§ **ENTRIES SHOWN**
[Start of section]
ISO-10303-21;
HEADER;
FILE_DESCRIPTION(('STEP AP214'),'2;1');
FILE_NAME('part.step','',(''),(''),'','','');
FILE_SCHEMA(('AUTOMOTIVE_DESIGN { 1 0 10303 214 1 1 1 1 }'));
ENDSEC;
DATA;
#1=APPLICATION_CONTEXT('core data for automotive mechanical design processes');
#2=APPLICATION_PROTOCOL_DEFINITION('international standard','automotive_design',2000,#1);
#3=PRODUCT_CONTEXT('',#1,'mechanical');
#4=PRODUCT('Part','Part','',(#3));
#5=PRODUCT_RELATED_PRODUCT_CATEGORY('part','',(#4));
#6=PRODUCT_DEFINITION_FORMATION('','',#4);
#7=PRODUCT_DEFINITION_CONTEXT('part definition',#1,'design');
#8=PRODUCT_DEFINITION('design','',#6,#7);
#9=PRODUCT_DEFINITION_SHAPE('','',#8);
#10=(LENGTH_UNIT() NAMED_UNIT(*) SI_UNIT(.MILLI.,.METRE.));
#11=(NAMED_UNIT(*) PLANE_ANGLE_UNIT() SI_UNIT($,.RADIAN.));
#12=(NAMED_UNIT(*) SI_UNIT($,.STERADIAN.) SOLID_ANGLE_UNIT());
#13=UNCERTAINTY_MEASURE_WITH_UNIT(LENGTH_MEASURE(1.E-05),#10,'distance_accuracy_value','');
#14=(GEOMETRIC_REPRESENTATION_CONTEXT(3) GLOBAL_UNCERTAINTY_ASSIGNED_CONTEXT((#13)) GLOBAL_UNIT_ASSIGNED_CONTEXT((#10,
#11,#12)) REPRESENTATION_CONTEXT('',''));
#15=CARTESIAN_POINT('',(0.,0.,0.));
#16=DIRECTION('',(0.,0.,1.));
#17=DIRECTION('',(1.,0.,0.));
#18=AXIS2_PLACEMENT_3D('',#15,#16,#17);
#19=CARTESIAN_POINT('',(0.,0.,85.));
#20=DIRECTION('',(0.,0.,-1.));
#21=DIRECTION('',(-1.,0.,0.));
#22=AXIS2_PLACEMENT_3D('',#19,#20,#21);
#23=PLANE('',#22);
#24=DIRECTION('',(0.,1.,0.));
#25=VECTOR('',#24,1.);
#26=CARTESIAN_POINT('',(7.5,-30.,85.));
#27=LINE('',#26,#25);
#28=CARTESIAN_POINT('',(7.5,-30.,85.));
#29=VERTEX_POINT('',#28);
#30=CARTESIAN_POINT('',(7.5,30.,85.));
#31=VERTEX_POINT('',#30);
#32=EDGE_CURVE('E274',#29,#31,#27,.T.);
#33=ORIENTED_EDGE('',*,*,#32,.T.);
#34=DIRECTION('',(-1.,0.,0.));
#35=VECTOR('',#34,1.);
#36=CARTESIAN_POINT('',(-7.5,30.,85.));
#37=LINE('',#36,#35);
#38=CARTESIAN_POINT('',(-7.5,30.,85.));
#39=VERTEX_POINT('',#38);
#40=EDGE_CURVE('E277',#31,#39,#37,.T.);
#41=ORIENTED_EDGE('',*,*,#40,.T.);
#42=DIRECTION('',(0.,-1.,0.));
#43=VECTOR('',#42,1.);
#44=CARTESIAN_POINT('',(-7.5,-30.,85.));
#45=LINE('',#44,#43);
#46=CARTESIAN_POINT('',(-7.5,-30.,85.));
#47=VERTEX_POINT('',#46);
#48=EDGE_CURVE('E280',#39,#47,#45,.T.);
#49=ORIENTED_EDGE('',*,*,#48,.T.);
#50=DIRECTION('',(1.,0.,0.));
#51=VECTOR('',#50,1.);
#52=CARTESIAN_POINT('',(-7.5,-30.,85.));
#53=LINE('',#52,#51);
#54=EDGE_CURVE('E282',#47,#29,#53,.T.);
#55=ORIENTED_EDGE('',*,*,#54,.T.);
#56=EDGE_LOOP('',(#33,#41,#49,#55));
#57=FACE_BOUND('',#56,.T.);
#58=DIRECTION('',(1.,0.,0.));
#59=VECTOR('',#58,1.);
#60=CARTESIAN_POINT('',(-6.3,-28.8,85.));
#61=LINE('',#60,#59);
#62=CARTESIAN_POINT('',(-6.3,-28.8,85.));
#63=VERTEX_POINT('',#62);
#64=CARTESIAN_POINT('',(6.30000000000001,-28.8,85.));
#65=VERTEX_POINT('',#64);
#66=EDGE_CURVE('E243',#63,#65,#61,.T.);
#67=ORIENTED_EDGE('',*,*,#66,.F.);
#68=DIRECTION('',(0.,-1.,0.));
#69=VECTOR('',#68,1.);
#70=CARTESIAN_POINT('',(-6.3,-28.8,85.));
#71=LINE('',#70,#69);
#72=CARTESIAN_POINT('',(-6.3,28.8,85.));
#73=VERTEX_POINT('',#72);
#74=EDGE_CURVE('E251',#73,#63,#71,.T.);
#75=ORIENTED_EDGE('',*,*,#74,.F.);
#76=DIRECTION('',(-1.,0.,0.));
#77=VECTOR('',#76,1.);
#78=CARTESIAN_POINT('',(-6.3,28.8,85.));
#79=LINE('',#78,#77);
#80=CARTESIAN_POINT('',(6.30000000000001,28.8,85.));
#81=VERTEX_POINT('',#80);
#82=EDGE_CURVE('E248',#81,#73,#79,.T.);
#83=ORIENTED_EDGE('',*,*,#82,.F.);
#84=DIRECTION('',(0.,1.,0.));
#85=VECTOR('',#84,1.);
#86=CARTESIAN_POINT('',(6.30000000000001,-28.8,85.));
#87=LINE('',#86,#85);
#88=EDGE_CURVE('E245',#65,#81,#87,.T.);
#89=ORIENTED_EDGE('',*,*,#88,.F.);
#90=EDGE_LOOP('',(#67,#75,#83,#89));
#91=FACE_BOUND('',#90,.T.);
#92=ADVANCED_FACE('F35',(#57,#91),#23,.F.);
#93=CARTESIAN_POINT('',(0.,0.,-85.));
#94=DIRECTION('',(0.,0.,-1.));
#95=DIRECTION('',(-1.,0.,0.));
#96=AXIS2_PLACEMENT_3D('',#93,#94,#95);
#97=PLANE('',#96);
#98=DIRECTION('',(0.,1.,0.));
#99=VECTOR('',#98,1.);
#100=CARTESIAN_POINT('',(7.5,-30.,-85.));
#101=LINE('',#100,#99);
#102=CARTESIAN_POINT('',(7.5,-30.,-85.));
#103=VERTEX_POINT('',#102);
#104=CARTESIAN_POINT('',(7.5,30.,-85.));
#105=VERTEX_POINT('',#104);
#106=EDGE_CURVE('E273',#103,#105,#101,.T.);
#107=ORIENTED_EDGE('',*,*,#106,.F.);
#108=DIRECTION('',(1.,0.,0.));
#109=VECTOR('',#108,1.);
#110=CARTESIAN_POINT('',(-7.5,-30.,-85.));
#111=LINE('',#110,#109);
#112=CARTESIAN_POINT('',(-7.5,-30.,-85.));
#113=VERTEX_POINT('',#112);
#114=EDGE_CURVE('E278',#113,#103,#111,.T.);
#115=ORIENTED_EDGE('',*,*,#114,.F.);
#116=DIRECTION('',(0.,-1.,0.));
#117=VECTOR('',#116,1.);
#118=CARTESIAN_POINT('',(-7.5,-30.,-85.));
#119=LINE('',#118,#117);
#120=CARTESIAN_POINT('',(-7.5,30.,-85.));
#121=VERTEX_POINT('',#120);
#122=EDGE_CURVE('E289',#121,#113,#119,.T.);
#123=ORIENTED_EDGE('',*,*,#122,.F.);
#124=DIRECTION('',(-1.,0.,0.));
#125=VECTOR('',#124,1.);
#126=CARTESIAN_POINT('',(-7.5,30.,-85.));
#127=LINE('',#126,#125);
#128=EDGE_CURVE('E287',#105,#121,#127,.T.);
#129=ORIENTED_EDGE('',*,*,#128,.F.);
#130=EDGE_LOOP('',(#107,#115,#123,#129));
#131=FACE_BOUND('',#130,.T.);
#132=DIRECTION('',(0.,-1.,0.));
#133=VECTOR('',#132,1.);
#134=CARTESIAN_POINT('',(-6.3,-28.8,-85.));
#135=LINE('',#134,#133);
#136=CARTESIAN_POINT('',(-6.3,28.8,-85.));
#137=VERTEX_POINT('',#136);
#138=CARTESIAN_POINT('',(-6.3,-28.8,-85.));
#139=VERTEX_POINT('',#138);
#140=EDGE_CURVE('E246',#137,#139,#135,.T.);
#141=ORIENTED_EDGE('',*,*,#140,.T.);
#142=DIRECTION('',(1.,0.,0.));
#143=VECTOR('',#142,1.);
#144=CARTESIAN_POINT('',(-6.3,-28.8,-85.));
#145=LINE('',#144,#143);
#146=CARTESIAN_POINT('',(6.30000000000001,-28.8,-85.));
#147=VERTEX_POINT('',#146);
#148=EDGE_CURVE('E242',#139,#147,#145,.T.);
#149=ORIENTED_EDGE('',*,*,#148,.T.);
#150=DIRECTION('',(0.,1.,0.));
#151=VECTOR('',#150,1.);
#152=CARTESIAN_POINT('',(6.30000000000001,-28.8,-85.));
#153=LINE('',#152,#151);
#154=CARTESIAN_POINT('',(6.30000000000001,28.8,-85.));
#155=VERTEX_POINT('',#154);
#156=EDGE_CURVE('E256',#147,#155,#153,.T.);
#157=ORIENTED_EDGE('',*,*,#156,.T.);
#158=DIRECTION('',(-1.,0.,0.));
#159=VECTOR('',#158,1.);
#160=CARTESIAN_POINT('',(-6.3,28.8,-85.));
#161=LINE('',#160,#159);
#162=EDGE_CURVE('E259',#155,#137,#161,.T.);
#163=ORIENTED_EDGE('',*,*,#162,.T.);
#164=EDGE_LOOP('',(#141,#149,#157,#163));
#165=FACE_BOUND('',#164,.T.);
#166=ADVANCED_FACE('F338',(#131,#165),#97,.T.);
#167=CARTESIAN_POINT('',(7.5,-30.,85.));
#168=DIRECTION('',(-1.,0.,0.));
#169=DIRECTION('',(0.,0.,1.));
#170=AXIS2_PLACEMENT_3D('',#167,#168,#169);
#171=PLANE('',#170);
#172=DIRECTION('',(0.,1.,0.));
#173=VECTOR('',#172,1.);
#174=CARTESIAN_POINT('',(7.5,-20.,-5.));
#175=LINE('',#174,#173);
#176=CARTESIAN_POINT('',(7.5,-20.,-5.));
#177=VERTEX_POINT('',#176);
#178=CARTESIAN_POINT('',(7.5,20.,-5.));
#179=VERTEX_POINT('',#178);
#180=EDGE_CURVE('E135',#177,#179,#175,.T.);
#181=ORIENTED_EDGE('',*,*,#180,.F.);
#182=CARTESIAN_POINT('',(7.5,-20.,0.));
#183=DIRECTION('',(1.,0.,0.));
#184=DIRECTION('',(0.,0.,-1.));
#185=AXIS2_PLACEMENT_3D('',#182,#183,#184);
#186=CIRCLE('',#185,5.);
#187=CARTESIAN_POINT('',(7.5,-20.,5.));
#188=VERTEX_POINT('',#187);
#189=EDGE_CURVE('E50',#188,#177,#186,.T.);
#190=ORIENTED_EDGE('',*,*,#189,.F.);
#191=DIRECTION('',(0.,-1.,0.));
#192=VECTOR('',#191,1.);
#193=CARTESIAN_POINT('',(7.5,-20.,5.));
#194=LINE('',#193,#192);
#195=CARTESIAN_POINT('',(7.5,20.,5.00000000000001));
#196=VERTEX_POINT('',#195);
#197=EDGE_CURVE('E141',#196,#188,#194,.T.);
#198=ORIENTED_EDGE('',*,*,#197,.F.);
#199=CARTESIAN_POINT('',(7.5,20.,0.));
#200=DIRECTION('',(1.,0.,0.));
[End of section]
§ **YOUR TASK**
The lines to extract from the data above begin with the line containing "#154=CARTESIAN_POINT('',(6.30000000000001,28.8,-85.));" and end with the line containing "#172=DIRECTION('',(0.,1.,0.));". Extract them exactly, including both.

§ **TASK RESPONSE**
#154=CARTESIAN_POINT('',(6.30000000000001,28.8,-85.));
#155=VERTEX_POINT('',#154);
#156=EDGE_CURVE('E256',#147,#155,#153,.T.);
#157=ORIENTED_EDGE('',*,*,#156,.T.);
#158=DIRECTION('',(-1.,0.,0.));
#159=VECTOR('',#158,1.);
#160=CARTESIAN_POINT('',(-6.3,28.8,-85.));
#161=LINE('',#160,#159);
#162=EDGE_CURVE('E259',#155,#137,#161,.T.);
#163=ORIENTED_EDGE('',*,*,#162,.T.);
#164=EDGE_LOOP('',(#141,#149,#157,#163));
#165=FACE_BOUND('',#164,.T.);
#166=ADVANCED_FACE('F338',(#131,#165),#97,.T.);
#167=CARTESIAN_POINT('',(7.5,-30.,85.));
#168=DIRECTION('',(-1.,0.,0.));
#169=DIRECTION('',(0.,0.,1.));
#170=AXIS2_PLACEMENT_3D('',#167,#168,#169);
#171=PLANE('',#170);
#172=DIRECTION('',(0.,1.,0.));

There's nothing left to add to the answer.